Relentless

When we think of being relentless, we usually think of an athlete, a soldier, or a man of unwavering resolve. But Jeremiah was a soft-spoken man who just wouldn't quit.

At exactly 12 noon, on September 23, 1857, this tall, soft-spoken man climbed the dusty stairs to the third floor of an old church building in the heart of Manhattan. He sat down as was his habit and began to pray. Waiting for others he had invited to join him. No one arrived. But, he prayed.

Earlier that year, on July 1, he had signed on with a small failing church in lower New York City to be a minister of outreach. The elders of the Old Dutch North Church had tried everything to refire the dwindling, 88-year-old church. Finally, they decided to hire someone who would meet with people in the area and invite them to church.

Jeremiah had been doing that for years, and now it was his profession.

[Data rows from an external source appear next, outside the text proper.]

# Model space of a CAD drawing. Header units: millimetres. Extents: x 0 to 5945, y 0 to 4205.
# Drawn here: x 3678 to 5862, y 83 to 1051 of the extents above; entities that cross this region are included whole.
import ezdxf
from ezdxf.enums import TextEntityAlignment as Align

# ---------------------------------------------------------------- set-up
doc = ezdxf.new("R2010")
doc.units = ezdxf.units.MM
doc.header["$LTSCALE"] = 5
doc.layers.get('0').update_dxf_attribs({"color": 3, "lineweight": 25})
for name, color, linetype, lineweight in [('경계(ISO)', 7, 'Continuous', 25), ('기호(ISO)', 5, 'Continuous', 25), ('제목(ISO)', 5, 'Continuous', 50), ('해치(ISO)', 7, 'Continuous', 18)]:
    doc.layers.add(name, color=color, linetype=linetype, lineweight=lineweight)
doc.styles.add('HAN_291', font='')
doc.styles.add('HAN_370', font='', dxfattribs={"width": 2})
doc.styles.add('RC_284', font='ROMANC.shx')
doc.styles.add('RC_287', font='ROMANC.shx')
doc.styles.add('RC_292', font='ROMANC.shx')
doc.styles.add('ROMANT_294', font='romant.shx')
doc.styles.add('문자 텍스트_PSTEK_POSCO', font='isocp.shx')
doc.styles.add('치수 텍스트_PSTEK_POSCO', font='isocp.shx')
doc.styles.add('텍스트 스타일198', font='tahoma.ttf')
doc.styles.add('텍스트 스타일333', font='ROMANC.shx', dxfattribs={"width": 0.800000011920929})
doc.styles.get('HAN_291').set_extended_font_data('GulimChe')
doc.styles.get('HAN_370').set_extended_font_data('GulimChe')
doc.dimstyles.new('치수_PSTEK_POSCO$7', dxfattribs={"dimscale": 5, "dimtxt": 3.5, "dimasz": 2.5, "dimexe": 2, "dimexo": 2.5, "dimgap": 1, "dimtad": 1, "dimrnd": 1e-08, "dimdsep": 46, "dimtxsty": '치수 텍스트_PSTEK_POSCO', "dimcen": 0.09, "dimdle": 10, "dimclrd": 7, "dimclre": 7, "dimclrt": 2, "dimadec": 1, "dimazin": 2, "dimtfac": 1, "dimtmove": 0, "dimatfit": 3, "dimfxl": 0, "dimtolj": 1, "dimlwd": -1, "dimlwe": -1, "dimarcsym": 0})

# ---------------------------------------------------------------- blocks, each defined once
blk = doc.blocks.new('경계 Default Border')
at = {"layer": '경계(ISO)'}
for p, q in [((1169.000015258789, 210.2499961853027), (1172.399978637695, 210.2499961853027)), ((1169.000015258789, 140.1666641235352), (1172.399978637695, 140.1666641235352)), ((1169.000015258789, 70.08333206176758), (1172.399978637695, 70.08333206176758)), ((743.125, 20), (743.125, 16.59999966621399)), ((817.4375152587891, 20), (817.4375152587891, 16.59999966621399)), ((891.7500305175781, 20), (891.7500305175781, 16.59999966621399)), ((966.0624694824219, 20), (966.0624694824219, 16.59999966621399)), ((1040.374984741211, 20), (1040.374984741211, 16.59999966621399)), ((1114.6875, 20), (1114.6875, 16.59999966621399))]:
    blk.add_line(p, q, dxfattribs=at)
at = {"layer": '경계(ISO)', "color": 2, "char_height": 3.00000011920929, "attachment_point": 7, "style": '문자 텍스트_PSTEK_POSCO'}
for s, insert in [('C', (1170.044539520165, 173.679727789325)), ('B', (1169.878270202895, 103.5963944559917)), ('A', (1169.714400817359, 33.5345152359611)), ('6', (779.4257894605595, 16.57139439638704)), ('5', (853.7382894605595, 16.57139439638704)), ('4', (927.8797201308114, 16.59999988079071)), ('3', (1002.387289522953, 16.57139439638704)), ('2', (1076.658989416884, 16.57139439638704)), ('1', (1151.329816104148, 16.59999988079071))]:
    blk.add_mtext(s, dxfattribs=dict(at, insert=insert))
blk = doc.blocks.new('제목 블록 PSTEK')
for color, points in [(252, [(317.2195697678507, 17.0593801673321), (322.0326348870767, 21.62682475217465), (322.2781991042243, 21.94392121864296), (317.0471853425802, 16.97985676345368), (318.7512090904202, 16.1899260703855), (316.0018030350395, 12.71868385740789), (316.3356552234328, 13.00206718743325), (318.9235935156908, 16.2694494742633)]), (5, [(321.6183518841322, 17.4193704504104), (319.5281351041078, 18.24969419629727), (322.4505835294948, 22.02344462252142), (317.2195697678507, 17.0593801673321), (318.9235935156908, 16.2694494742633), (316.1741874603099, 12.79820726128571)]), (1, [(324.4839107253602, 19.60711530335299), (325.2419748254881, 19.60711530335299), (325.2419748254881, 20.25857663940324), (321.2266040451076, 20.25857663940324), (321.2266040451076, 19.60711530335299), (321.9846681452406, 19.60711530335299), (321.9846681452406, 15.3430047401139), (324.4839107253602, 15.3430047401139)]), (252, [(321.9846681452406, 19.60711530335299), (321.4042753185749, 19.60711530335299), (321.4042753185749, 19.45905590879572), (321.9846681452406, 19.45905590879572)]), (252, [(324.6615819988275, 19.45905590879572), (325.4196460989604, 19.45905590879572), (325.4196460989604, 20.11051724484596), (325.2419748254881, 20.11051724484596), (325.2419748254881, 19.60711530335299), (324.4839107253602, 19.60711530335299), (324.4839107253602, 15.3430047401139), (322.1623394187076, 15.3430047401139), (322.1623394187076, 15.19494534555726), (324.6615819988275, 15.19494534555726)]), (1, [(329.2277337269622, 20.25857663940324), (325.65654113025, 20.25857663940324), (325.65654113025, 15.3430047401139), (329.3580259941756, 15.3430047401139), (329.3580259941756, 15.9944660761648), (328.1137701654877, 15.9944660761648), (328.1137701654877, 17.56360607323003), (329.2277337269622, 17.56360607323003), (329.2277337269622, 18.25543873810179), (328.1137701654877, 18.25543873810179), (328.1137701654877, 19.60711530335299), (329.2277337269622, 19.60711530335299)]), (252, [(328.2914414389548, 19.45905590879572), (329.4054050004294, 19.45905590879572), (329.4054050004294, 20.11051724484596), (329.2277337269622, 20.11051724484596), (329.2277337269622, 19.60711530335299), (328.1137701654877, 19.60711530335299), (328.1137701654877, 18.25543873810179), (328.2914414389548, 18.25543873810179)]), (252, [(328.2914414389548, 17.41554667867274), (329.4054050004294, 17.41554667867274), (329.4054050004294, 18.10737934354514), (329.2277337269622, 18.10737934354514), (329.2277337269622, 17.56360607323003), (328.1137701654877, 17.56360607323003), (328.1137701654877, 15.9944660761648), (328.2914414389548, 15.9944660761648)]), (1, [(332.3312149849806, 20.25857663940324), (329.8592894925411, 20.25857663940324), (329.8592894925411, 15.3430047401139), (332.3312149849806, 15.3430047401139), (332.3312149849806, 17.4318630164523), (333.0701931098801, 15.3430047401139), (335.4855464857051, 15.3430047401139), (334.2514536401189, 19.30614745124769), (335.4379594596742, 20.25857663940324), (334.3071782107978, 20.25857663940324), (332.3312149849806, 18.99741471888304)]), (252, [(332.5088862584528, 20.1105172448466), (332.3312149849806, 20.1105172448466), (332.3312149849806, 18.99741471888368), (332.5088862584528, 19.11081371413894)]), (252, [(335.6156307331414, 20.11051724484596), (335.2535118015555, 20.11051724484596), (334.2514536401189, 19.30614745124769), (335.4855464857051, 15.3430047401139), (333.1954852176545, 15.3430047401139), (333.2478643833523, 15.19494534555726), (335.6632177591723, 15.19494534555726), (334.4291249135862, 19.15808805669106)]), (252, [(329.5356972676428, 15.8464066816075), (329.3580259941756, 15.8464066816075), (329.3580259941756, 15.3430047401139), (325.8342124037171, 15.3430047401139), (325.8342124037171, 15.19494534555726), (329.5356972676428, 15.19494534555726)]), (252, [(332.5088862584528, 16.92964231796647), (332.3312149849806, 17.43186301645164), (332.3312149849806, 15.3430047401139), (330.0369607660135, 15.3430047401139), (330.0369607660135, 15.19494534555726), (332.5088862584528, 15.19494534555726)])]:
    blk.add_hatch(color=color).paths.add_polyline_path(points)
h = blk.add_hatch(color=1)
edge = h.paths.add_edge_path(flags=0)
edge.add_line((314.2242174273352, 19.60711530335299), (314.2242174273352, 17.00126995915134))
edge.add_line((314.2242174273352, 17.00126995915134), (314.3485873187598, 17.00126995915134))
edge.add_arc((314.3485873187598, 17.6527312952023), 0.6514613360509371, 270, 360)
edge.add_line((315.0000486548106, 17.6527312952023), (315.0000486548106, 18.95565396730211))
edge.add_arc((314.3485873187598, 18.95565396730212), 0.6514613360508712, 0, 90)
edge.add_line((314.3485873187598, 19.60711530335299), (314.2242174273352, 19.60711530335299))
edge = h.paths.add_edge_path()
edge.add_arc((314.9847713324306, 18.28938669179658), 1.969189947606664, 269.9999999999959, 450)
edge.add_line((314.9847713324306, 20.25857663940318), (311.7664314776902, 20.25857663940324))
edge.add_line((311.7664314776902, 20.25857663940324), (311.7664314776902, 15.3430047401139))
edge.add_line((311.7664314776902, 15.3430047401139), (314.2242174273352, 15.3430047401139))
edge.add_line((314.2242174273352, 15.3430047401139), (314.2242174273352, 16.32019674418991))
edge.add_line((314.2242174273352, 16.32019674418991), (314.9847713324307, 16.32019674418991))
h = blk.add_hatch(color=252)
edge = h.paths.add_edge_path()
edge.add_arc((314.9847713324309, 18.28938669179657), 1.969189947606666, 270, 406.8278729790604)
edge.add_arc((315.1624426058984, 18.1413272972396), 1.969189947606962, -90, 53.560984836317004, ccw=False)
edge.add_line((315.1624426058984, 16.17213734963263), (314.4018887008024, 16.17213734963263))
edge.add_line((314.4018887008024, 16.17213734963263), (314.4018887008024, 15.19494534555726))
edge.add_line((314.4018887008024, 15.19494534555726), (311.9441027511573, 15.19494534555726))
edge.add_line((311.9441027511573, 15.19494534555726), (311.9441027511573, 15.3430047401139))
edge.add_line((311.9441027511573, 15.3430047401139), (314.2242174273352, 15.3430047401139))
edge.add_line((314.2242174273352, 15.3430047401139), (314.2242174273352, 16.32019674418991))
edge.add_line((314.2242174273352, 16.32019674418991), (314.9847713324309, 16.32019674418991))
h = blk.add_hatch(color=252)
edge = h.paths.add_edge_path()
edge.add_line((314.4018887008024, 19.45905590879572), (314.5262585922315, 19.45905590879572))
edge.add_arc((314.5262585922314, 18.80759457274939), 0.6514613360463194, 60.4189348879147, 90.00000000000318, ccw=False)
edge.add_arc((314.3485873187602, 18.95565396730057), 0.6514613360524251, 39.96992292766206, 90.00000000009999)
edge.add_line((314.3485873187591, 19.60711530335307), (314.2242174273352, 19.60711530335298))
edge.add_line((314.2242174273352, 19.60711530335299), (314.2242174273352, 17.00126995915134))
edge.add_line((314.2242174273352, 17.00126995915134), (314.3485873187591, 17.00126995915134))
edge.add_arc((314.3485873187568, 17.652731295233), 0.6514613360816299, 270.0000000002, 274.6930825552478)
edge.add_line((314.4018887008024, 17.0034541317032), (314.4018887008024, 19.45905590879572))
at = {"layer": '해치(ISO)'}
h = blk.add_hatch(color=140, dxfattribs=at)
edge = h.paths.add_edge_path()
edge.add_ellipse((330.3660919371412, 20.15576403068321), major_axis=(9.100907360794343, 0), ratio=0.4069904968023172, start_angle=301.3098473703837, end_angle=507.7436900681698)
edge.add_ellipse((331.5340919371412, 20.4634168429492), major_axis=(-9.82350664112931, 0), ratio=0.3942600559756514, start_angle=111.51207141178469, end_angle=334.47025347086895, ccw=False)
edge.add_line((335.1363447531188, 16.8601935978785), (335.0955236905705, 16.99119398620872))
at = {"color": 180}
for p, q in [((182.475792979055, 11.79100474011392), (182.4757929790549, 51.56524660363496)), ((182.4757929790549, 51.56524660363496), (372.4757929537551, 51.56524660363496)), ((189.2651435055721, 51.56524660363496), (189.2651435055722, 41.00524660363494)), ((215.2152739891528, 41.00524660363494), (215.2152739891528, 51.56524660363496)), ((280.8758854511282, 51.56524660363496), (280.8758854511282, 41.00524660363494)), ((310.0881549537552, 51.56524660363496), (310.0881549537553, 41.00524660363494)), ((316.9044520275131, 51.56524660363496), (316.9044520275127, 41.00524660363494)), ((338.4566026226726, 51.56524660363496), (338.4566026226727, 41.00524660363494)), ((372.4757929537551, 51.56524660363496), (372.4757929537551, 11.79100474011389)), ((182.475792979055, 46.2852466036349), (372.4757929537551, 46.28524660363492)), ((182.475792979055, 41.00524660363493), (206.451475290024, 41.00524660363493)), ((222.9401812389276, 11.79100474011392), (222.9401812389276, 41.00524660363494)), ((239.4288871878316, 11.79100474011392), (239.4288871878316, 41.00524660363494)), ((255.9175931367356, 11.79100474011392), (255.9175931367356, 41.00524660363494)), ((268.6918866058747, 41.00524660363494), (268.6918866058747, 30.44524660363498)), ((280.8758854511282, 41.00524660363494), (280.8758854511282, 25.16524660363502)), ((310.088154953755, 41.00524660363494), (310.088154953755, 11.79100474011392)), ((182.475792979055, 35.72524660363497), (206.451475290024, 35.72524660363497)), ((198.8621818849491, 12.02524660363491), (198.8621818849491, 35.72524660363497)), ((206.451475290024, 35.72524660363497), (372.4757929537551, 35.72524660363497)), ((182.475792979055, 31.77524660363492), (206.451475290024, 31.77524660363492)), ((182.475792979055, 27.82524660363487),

Jeremiah made flyers and invited dozens of men to weekly prayer at noon. That day, Sept. 23, he waited 10 minutes, then 15 ... finally, at about 12:30, six men walked up the stairs and joined him to pray for 30 minutes. The following week, 20 men joined him. The following, it was 40. And then the economy of the nation collapsed.

Hundreds of men began to meet Jeremiah for prayer. Then it became daily prayer.

The prayer meetings swept the nation and across to Europe and beyond. Within a year, thousands of men were saved. Over the next 37 years, Jeremiah never wavered.

He was there every day at noon. He would walk among the stores and pray for businesses, and for ill people. He never quit.

It's estimated that in his lifetime, over one million people came to Christ because of those prayer meetings that swept across the nations. It was prayer that saved millions and saved a nation.

Jeremiah was relentless.

Relentless men change the world. That's who we are. That's the spirit and lean of CMN. We will not quit.

The men on the ground right now in Uganda are working hard. Thousands of CMN leaders will do the hard work of pulling together men's groups across the nations.

Step after step, prayer after prayer, call after call, text after text, coffee after coffee ... relentless in the pursuit of the hearts of men.